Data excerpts
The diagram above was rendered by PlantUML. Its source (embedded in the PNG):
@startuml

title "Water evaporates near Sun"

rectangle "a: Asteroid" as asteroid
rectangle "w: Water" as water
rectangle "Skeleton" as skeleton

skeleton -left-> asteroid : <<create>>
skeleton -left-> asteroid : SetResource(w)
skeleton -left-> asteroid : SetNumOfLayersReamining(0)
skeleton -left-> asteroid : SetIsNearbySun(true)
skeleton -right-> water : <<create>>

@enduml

### Task requirements
Find "skeleton -left-> asteroid : <<create>>" in the data above, then repeat that line and all lines after it exactly, ending with the final line.

### Answer space
skeleton -left-> asteroid : <<create>>
skeleton -left-> asteroid : SetResource(w)
skeleton -left-> asteroid : SetNumOfLayersReamining(0)
skeleton -left-> asteroid : SetIsNearbySun(true)
skeleton -right-> water : <<create>>

@enduml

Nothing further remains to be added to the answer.